═══ DATA SUPPLIED ═══

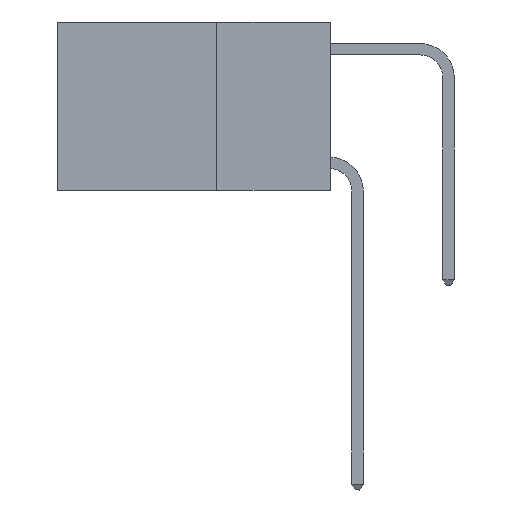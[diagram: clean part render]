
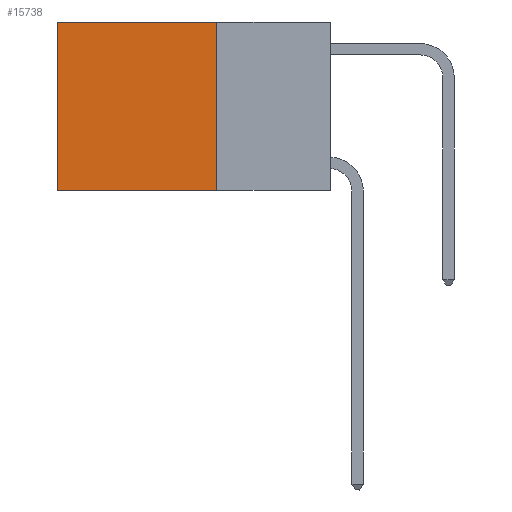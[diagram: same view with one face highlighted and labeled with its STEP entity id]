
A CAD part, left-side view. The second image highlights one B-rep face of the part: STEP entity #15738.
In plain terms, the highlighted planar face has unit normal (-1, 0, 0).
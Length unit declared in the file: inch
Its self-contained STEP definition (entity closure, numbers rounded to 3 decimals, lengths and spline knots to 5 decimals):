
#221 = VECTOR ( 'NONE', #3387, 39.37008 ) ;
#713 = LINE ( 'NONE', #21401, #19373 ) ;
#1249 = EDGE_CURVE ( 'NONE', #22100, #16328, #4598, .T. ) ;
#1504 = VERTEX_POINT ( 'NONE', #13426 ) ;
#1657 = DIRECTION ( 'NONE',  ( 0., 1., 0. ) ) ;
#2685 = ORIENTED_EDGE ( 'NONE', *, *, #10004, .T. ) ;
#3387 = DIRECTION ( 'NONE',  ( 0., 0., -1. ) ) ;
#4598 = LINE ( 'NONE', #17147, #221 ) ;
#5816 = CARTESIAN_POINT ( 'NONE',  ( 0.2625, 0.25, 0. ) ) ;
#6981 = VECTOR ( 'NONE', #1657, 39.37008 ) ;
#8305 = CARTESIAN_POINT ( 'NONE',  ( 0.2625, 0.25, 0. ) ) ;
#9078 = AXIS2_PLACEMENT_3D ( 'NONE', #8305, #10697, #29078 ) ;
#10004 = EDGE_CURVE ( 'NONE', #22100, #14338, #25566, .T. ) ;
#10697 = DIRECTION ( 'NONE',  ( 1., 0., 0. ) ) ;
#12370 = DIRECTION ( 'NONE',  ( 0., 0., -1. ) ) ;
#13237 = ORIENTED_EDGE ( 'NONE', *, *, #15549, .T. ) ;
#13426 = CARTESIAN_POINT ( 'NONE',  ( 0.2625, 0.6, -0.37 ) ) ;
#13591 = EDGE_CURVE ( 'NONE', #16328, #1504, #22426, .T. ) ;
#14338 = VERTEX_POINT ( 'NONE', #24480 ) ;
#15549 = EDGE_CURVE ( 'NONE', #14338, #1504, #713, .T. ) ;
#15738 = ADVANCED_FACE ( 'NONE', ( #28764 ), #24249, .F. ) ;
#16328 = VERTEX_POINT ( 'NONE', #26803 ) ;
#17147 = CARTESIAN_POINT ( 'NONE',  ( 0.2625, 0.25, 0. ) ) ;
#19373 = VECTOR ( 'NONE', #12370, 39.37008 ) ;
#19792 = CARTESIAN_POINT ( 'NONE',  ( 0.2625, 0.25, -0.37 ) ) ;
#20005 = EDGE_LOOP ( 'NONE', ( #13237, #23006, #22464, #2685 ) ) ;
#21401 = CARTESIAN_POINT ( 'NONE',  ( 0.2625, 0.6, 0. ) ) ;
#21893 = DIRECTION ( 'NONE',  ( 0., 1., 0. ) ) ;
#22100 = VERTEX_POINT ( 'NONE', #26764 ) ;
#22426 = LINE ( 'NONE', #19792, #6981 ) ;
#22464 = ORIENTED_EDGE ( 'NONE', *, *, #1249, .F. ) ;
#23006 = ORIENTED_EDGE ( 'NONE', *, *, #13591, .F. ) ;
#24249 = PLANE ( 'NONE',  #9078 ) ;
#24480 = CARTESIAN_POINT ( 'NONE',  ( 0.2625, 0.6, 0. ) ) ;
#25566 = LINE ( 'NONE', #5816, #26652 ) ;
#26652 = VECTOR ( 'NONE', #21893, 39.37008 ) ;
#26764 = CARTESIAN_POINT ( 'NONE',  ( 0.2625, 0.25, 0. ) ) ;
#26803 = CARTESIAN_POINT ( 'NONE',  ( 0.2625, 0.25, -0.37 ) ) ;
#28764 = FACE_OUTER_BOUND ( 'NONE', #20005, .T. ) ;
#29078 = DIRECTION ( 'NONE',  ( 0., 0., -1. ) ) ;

═══

▶ ACTION ITEM
Line by line, write out the material exactly, leaving the images out.

▶ ANSWER TO THE EXERCISE
[diagram: clean part render]
[diagram: same view with one face highlighted and labeled with its STEP entity id]
A CAD part, left-side view. The second image highlights one B-rep face of the part: STEP entity #15738.
In plain terms, the highlighted planar face has unit normal (-1, 0, 0).
Length unit declared in the file: inch
Its self-contained STEP definition (entity closure, numbers rounded to 3 decimals, lengths and spline knots to 5 decimals):
#221 = VECTOR ( 'NONE', #3387, 39.37008 ) ;
#713 = LINE ( 'NONE', #21401, #19373 ) ;
#1249 = EDGE_CURVE ( 'NONE', #22100, #16328, #4598, .T. ) ;
#1504 = VERTEX_POINT ( 'NONE', #13426 ) ;
#1657 = DIRECTION ( 'NONE',  ( 0., 1., 0. ) ) ;
#2685 = ORIENTED_EDGE ( 'NONE', *, *, #10004, .T. ) ;
#3387 = DIRECTION ( 'NONE',  ( 0., 0., -1. ) ) ;
#4598 = LINE ( 'NONE', #17147, #221 ) ;
#5816 = CARTESIAN_POINT ( 'NONE',  ( 0.2625, 0.25, 0. ) ) ;
#6981 = VECTOR ( 'NONE', #1657, 39.37008 ) ;
#8305 = CARTESIAN_POINT ( 'NONE',  ( 0.2625, 0.25, 0. ) ) ;
#9078 = AXIS2_PLACEMENT_3D ( 'NONE', #8305, #10697, #29078 ) ;
#10004 = EDGE_CURVE ( 'NONE', #22100, #14338, #25566, .T. ) ;
#10697 = DIRECTION ( 'NONE',  ( 1., 0., 0. ) ) ;
#12370 = DIRECTION ( 'NONE',  ( 0., 0., -1. ) ) ;
#13237 = ORIENTED_EDGE ( 'NONE', *, *, #15549, .T. ) ;
#13426 = CARTESIAN_POINT ( 'NONE',  ( 0.2625, 0.6, -0.37 ) ) ;
#13591 = EDGE_CURVE ( 'NONE', #16328, #1504, #22426, .T. ) ;
#14338 = VERTEX_POINT ( 'NONE', #24480 ) ;
#15549 = EDGE_CURVE ( 'NONE', #14338, #1504, #713, .T. ) ;
#15738 = ADVANCED_FACE ( 'NONE', ( #28764 ), #24249, .F. ) ;
#16328 = VERTEX_POINT ( 'NONE', #26803 ) ;
#17147 = CARTESIAN_POINT ( 'NONE',  ( 0.2625, 0.25, 0. ) ) ;
#19373 = VECTOR ( 'NONE', #12370, 39.37008 ) ;
#19792 = CARTESIAN_POINT ( 'NONE',  ( 0.2625, 0.25, -0.37 ) ) ;
#20005 = EDGE_LOOP ( 'NONE', ( #13237, #23006, #22464, #2685 ) ) ;
#21401 = CARTESIAN_POINT ( 'NONE',  ( 0.2625, 0.6, 0. ) ) ;
#21893 = DIRECTION ( 'NONE',  ( 0., 1., 0. ) ) ;
#22100 = VERTEX_POINT ( 'NONE', #26764 ) ;
#22426 = LINE ( 'NONE', #19792, #6981 ) ;
#22464 = ORIENTED_EDGE ( 'NONE', *, *, #1249, .F. ) ;
#23006 = ORIENTED_EDGE ( 'NONE', *, *, #13591, .F. ) ;
#24249 = PLANE ( 'NONE',  #9078 ) ;
#24480 = CARTESIAN_POINT ( 'NONE',  ( 0.2625, 0.6, 0. ) ) ;
#25566 = LINE ( 'NONE', #5816, #26652 ) ;
#26652 = VECTOR ( 'NONE', #21893, 39.37008 ) ;
#26764 = CARTESIAN_POINT ( 'NONE',  ( 0.2625, 0.25, 0. ) ) ;
#26803 = CARTESIAN_POINT ( 'NONE',  ( 0.2625, 0.25, -0.37 ) ) ;
#28764 = FACE_OUTER_BOUND ( 'NONE', #20005, .T. ) ;
#29078 = DIRECTION ( 'NONE',  ( 0., 0., -1. ) ) ;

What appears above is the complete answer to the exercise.